*Try it:*
Your task is to copy the lines of the data below from the line holding "alike) : RateTransition" through the line holding "Outport_3 : Outport", inclusive, exactly and with nothing added.

:: Data for review ::

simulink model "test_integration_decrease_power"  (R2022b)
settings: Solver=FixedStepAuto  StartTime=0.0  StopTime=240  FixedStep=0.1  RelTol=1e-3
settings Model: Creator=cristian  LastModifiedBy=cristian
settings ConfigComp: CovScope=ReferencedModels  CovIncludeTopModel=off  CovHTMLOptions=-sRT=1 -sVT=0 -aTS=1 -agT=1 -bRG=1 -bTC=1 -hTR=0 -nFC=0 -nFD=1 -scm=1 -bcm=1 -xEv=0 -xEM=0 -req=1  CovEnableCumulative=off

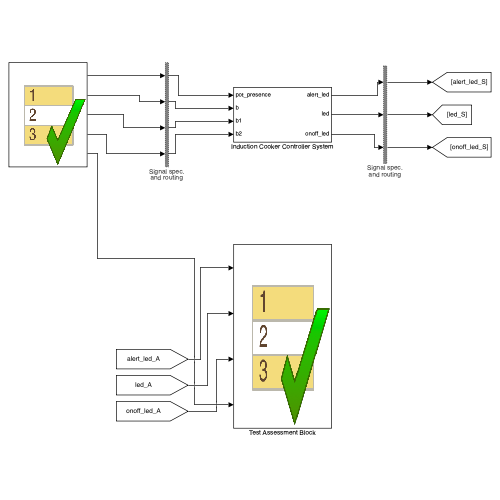
[thumbnail: Simulink's stored preview of the top-level diagram]
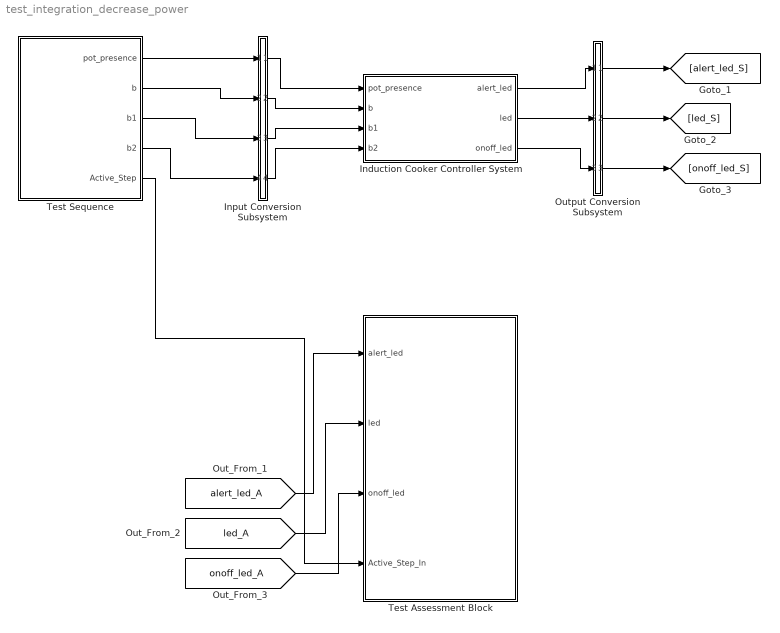
== system test_integration_decrease_power ==
  Induction Cooker Controller System : Subsystem
  Input Conversion Subsystem : Subsystem  Tag=__SLT_ICS__  Description=|
      | Signal spec.
      | and routing
      settings: AttributesFormatString=%<Description>
  Output Conversion Subsystem : Subsystem  Tag=__SLT_OCS__  Description=|
      | Signal spec.
      | and routing
      settings: AttributesFormatString=%<Description>
  Test Assessment Block : Test Sequence  Tag=__SLT_ASMT__  TreatAsAtomicUnit=on
  Test Sequence : Test Sequence  TreatAsAtomicUnit=on
  wires:
  [alert_led_A] -> Test Assessment Block/1(alert_led)
  [led_A] -> Test Assessment Block/2(led)
  [onoff_led_A] -> Test Assessment Block/3(onoff_led)
  Test Sequence/1(pot_presence) -> Input Conversion Subsystem/1(Inport_1)
  Test Sequence/2(b) -> Input Conversion Subsystem/2(Inport_2)
  Test Sequence/3(b1) -> Input Conversion Subsystem/3(Inport_3)
  Test Sequence/4(b2) -> Input Conversion Subsystem/4(Inport_4)
  Output Conversion Subsystem/1(Outport_1) -> [alert_led_S]
  Output Conversion Subsystem/2(Outport_2) -> [led_S]
  Output Conversion Subsystem/3(Outport_3) -> [onoff_led_S]
  Input Conversion Subsystem/1(Outport_1) -> Induction Cooker Controller System/1(pot_presence)
  Input Conversion Subsystem/2(Outport_2) -> Induction Cooker Controller System/2(b)
  Input Conversion Subsystem/3(Outport_3) -> Induction Cooker Controller System/3(b1)
  Input Conversion Subsystem/4(Outport_4) -> Induction Cooker Controller System/4(b2)
  Induction Cooker Controller System/1(alert_led) -> Output Conversion Subsystem/1(Inport_1)
  Induction Cooker Controller System/2(led) -> Output Conversion Subsystem/2(Inport_2)
  Induction Cooker Controller System/3(onoff_led) -> Output Conversion Subsystem/3(Inport_3)
  Test Sequence/5(Active_Step) -> Test Assessment Block/4(Active_Step_In)

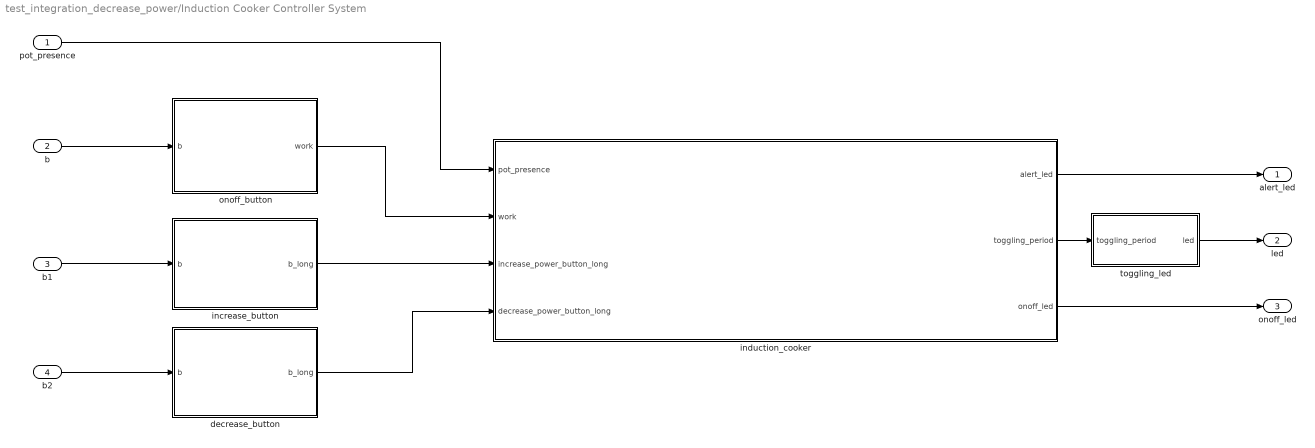
== system test_integration_decrease_power/Induction Cooker Controller System ==
  pot_presence : Inport
  b : Inport  Port=2
  b1 : Inport  Port=3
  b2 : Inport  Port=4
  decrease_button : Stateflow chart  TreatAsAtomicUnit=on
  increase_button : Stateflow chart  TreatAsAtomicUnit=on
  induction_cooker : Stateflow chart  TreatAsAtomicUnit=on
  onoff_button : Stateflow chart  TreatAsAtomicUnit=on
  toggling_led : Stateflow chart  TreatAsAtomicUnit=on
  alert_led : Outport
  led : Outport  Port=2
  onoff_led : Outport  Port=3
  wires:
  decrease_button/1(b_long) -> induction_cooker/4(decrease_power_button_long)
  increase_button/1(b_long) -> induction_cooker/3(increase_power_button_long)
  induction_cooker/2(toggling_period) -> toggling_led/1(toggling_period)
  toggling_led/1(led) -> led/1
  b1/1 -> increase_button/1(b)
  induction_cooker/3(onoff_led) -> onoff_led/1
  onoff_button/1(work) -> induction_cooker/2(work)
  b2/1 -> decrease_button/1(b)
  induction_cooker/1(alert_led) -> alert_led/1
  pot_presence/1 -> induction_cooker/1(pot_presence)
  b/1 -> onoff_button/1(b)

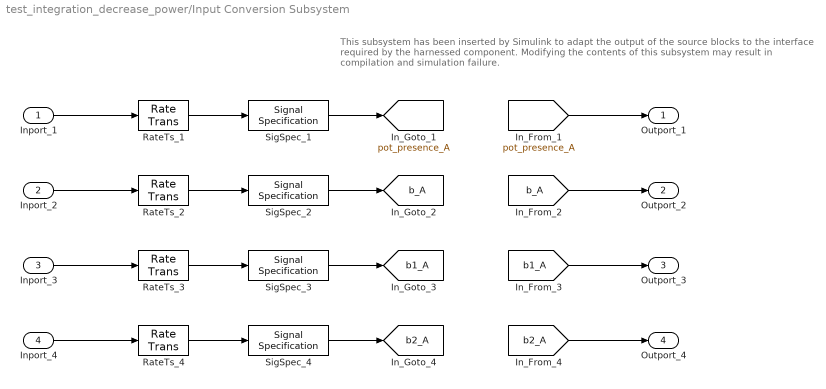
== system test_integration_decrease_power/Input Conversion Subsystem ==
  note: This subsystem has been inserted by Simulink to adapt the output of the source blocks to the interface required by the harnessed component.
      |  Modifying the contents of this subsystem may result in compilation and simulation failure.
  Inport_1 : Inport
  Inport_2 : Inport  Port=2
  Inport_3 : Inport  Port=3
  Inport_4 : Inport  Port=4
  RateTs_{1..4} (4 alike) : RateTransition  OutPortSampleTime=[-1, 0]
  SigSpec_{1..4} (4 alike) : SignalSpecification  OutDataTypeStr=boolean  Dimensions=[1]  SampleTime=[-1, 0]
  Outport_1 : Outport
  Outport_2 : Outport  Port=2
  Outport_3 : Outport  Port=3
  Outport_4 : Outport  Port=4
  tag scope: b1_A=global, b2_A=global, b_A=global, pot_presence_A=global
  wires:
  [pot_presence_A] -> Outport_1/1
  SigSpec_1/1 -> [pot_presence_A]
  RateTs_1/1 -> SigSpec_1/1
  Inport_1/1 -> RateTs_1/1
  [b_A] -> Outport_2/1
  SigSpec_2/1 -> [b_A]
  RateTs_2/1 -> SigSpec_2/1
  Inport_2/1 -> RateTs_2/1
  [b1_A] -> Outport_3/1
  SigSpec_3/1 -> [b1_A]
  RateTs_3/1 -> SigSpec_3/1
  Inport_3/1 -> RateTs_3/1
  [b2_A] -> Outport_4/1
  SigSpec_4/1 -> [b2_A]
  RateTs_4/1 -> SigSpec_4/1
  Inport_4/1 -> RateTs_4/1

:::

*Exercise response:*
  RateTs_{1..4} (4 alike) : RateTransition  OutPortSampleTime=[-1, 0]
  SigSpec_{1..4} (4 alike) : SignalSpecification  OutDataTypeStr=boolean  Dimensions=[1]  SampleTime=[-1, 0]
  Outport_1 : Outport
  Outport_2 : Outport  Port=2
  Outport_3 : Outport  Port=3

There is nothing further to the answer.